ACTIVITY:
Once the lines below holding the string "CityJSON" are counted, give that number alone.

INFORMATION:
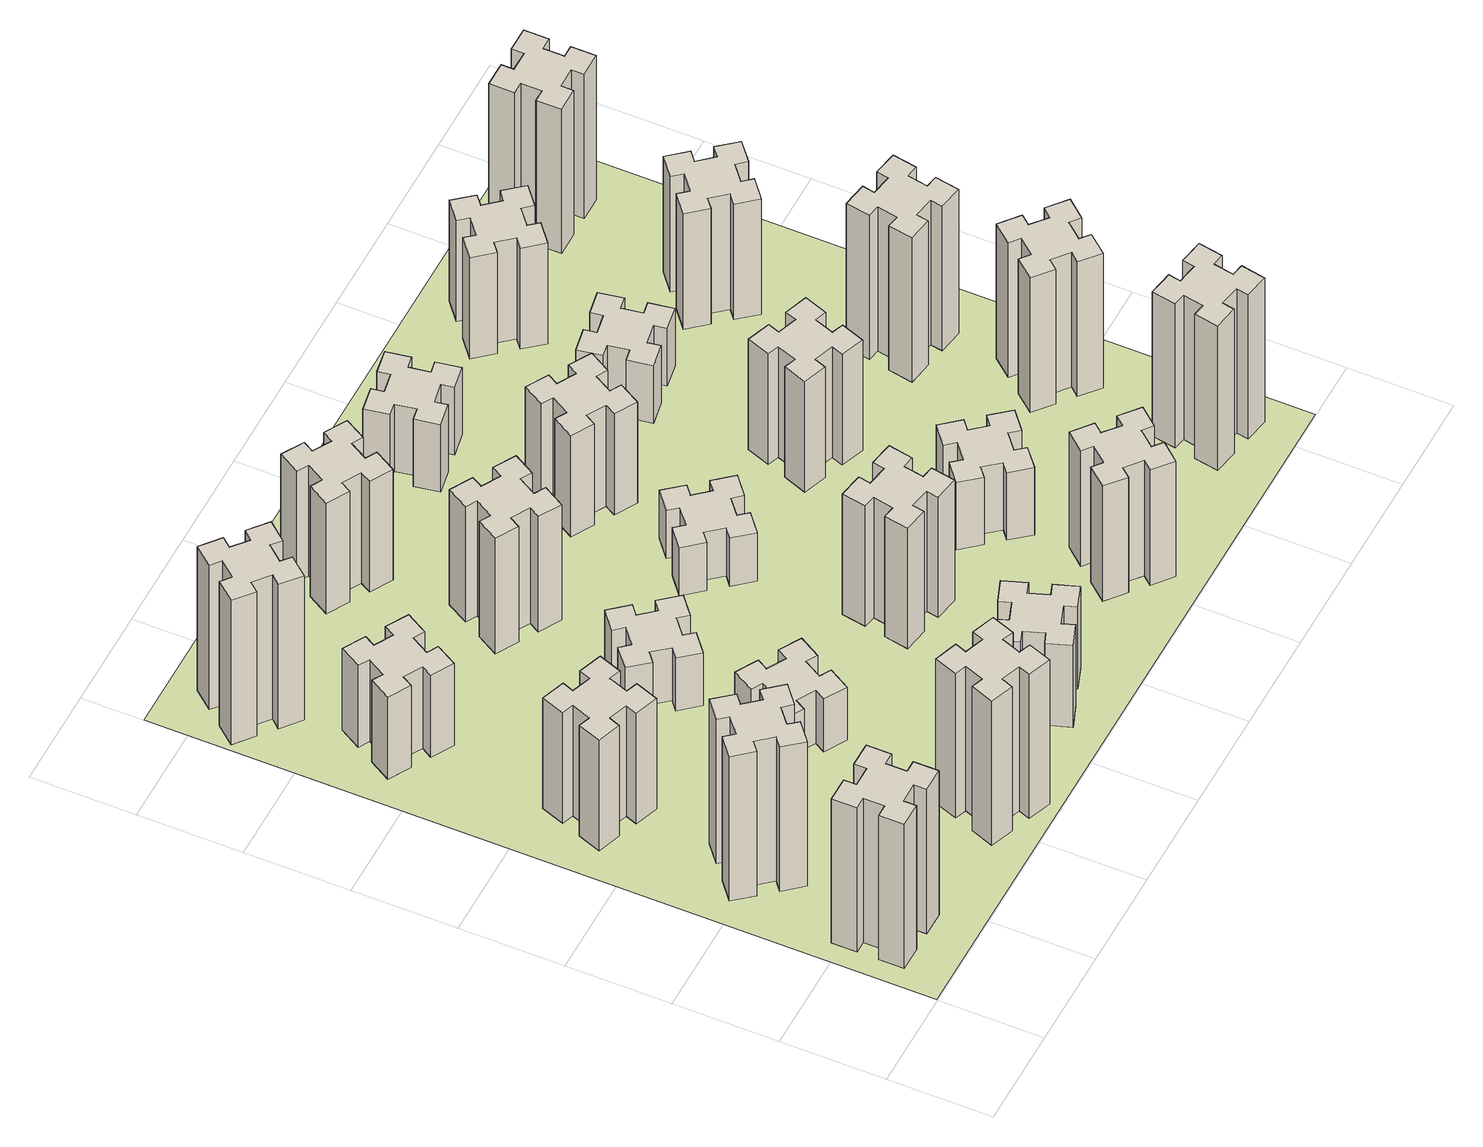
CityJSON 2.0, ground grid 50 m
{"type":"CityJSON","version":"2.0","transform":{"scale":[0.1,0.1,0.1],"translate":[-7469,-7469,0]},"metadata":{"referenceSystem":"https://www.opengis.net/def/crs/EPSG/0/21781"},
"CityObjects":{
"building1":{"type":"Building","attributes":{"class":"1000","function":"1000","usage":"1000","yearOfConstruction":2016,"roofType":"1000","measuredHeight":90,"storeysAboveGround":30,"storeysBelowGround":0},"geometry":[{"type":"Solid","lod":"1","boundaries":[[[[0,1,2,3,4,5,6,7,8,9,10,11,12,13,14,15,16,17,18,19]],[[17,16,20,21]],[[16,15,22,20]],[[15,14,23,22]],[[14,13,24,23]],[[13,12,25,24]],[[12,11,26,25]],[[11,10,27,26]],[[10,9,28,27]],[[9,8,29,28]],[[8,7,30,29]],[[7,6,31,30]],[[6,5,32,31]],[[5,4,33,32]],[[4,3,34,33]],[[3,2,35,34]],[[2,1,36,35]],[[1,0,37,36]],[[0,19,38,37]],[[19,18,39,38]],[[18,17,21,39]],[[24,25,26,27,28,29,30,31,32,33,34,35,36,37,38,39,21,20,22,23]]]]}]},
"building2":{"type":"Building","attributes":{"class":"1000","function":"1000","usage":"1000","yearOfConstruction":2016,"roofType":"1000","measuredHeight":90,"storeysAboveGround":30,"storeysBelowGround":0},"geometry":[{"type":"Solid","lod":"1","boundaries":[[[[40,41,42,43,44,45,46,47,48,49,50,51,52,53,54,55,56,57,58,59]],[[57,56,60,61]],[[56,55,62,60]],[[55,54,63,62]],[[54,53,64,63]],[[53,52,65,64]],[[52,51,66,65]],[[51,50,67,66]],[[50,49,68,67]],[[49,48,69,68]],[[48,47,70,69]],[[47,46,71,70]],[[46,45,72,71]],[[45,44,73,72]],[[44,43,74,73]],[[43,42,75,74]],[[42,41,76,75]],[[41,40,77,76]],[[40,59,78,77]],[[59,58,79,78]],[[58,57,61,79]],[[64,65,66,67,68,69,70,71,72,73,74,75,76,77,78,79,61,60,62,63]]]]}]},
"building3":{"type":"Building","attributes":{"class":"1000","function":"1000","usage":"1000","yearOfConstruction":2016,"roofType":"1000","measuredHeight":69,"storeysAboveGround":30,"storeysBelowGround":0},"geometry":[{"type":"Solid","lod":"1","boundaries":[[[[80,81,82,83,84,85,86,87,88,89,90,91,92,93,94,95,96,97,98,99]],[[97,96,100,101]],[[96,95,102,100]],[[95,94,103,102]],[[94,93,104,103]],[[93,92,105,104]],[[92,91,106,105]],[[91,90,107,106]],[[90,89,108,107]],[[89,88,109,108]],[[88,87,110,109]],[[87,86,111,110]],[[86,85,112,111]],[[85,84,113,112]],[[84,83,114,113]],[[83,82,115,114]],[[82,81,116,115]],[[81,80,117,116]],[[80,99,118,117]],[[99,98,119,118]],[[98,97,101,119]],[[104,105,106,107,108,109,110,111,112,113,114,115,116,117,118,119,101,100,102,103]]]]}]},
"building4":{"type":"Building","attributes":{"class":"1000","function":"1000","usage":"1000","yearOfConstruction":2016,"roofType":"1000","measuredHeight":51,"storeysAboveGround":30,"storeysBelowGround":0},"geometry":[{"type":"Solid","lod":"1","boundaries":[[[[120,121,122,123,124,125,126,127,128,129,130,131,132,133,134,135,136,137,138,139]],[[137,136,140,141]],[[136,135,142,140]],[[135,134,143,142]],[[134,133,144,143]],[[133,132,145,144]],[[132,131,146,145]],[[131,130,147,146]],[[130,129,148,147]],[[129,128,149,148]],[[128,127,150,149]],[[127,126,151,150]],[[126,125,152,151]],[[125,124,153,152]],[[124,123,154,153]],[[123,122,155,154]],[[122,121,156,155]],[[121,120,157,156]],[[120,139,158,157]],[[139,138,159,158]],[[138,137,141,159]],[[144,145,146,147,148,149,150,151,152,153,154,155,156,157,158,159,141,140,142,143]]]]}]},
"building5":{"type":"Building","attributes":{"class":"1000","function":"1000","usage":"1000","yearOfConstruction":2016,"roofType":"1000","measuredHeight":90,"storeysAboveGround":30,"storeysBelowGround":0},"geometry":[{"type":"Solid","lod":"1","boundaries":[[[[160,161,162,163,164,165,166,167,168,169,170,171,172,173,174,175,176,177,178,179]],[[177,176,180,181]],[[176,175,182,180]],[[175,174,183,182]],[[174,173,184,183]],[[173,172,185,184]],[[172,171,186,185]],[[171,170,187,186]],[[170,169,188,187]],[[169,168,189,188]],[[168,167,190,189]],[[167,166,191,190]],[[166,165,192,191]],[[165,164,193,192]],[[164,163,194,193]],[[163,162,195,194]],[[162,161,196,195]],[[161,160,197,196]],[[160,179,198,197]],[[179,178,199,198]],[[178,177,181,199]],[[184,185,186,187,188,189,190,191,192,193,194,195,196,197,198,199,181,180,182,183]]]]}]},
"building6":{"type":"Building","attributes":{"class":"1000","function":"1000","usage":"1000","yearOfConstruction":2016,"roofType":"1000","measuredHeight":90,"storeysAboveGround":30,"storeysBelowGround":0},"geometry":[{"type":"Solid","lod":"1","boundaries":[[[[200,201,202,203,204,205,206,207,208,209,210,211,212,213,214,215,216,217,218,219]],[[217,216,220,221]],[[216,215,222,220]],[[215,214,223,222]],[[214,213,224,223]],[[213,212,225,224]],[[212,211,226,225]],[[211,210,227,226]],[[210,209,228,227]],[[209,208,229,228]],[[208,207,230,229]],[[207,206,231,230]],[[206,205,232,231]],[[205,204,233,232]],[[204,203,234,233]],[[203,202,235,234]],[[202,201,236,235]],[[201,200,237,236]],[[200,219,238,237]],[[219,218,239,238]],[[218,217,221,239]],[[224,225,226,227,228,229,230,231,232,233,234,235,236,237,238,239,221,220,222,223]]]]}]},
"building7":{"type":"Building","attributes":{"class":"1000","function":"1000","usage":"1000","yearOfConstruction":2016,"roofType":"1000","measuredHeight":33,"storeysAboveGround":30,"storeysBelowGround":0},"geometry":[{"type":"Solid","lod":"1","boundaries":[[[[240,241,242,243,244,245,246,247,248,249,250,251,252,253,254,255,256,257,258,259]],[[257,256,260,261]],[[256,255,262,260]],[[255,254,263,262]],[[254,253,264,263]],[[253,252,265,264]],[[252,251,266,265]],[[251,250,267,266]],[[250,249,268,267]],[[249,248,269,268]],[[248,247,270,269]],[[247,246,271,270]],[[246,245,272,271]],[[245,244,273,272]],[[244,243,274,273]],[[243,242,275,274]],[[242,241,276,275]],[[241,240,277,276]],[[240,259,278,277]],[[259,258,279,278]],[[258,257,261,279]],[[264,265,266,267,268,269,270,271,272,273,274,275,276,277,278,279,261,260,262,263]]]]}]},
"building8":{"type":"Building","attributes":{"class":"1000","function":"1000","usage":"1000","yearOfConstruction":2016,"roofType":"1000","measuredHeight":33,"storeysAboveGround":30,"storeysBelowGround":0},"geometry":[{"type":"Solid","lod":"1","boundaries":[[[[280,281,282,283,284,285,286,287,288,289,290,291,292,293,294,295,296,297,298,299]],[[297,296,300,301]],[[296,295,302,300]],[[295,294,303,302]],[[294,293,304,303]],[[293,292,305,304]],[[292,291,306,305]],[[291,290,307,306]],[[290,289,308,307]],[[289,288,309,308]],[[288,287,310,309]],[[287,286,311,310]],[[286,285,312,311]],[[285,284,313,312]],[[284,283,314,313]],[[283,282,315,314]],[[282,281,316,315]],[[281,280,317,316]],[[280,299,318,317]],[[299,298,319,318]],[[298,297,301,319]],[[304,305,306,307,308,309,310,311,312,313,314,315,316,317,318,319,301,300,302,303]]]]}]},
"building9":{"type":"Building","attributes":{"class":"1000","function":"1000","usage":"1000","yearOfConstruction":2016,"roofType":"1000","measuredHeight":51,"storeysAboveGround":30,"storeysBelowGround":0},"geometry":[{"type":"Solid","lod":"1","boundaries":[[[[320,321,322,323,324,325,326,327,328,329,330,331,332,333,334,335,336,337,338,339]],[[337,336,340,341]],[[336,335,342,340]],[[335,334,343,342]],[[334,333,344,343]],[[333,332,345,344]],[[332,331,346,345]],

SOLUTION:
2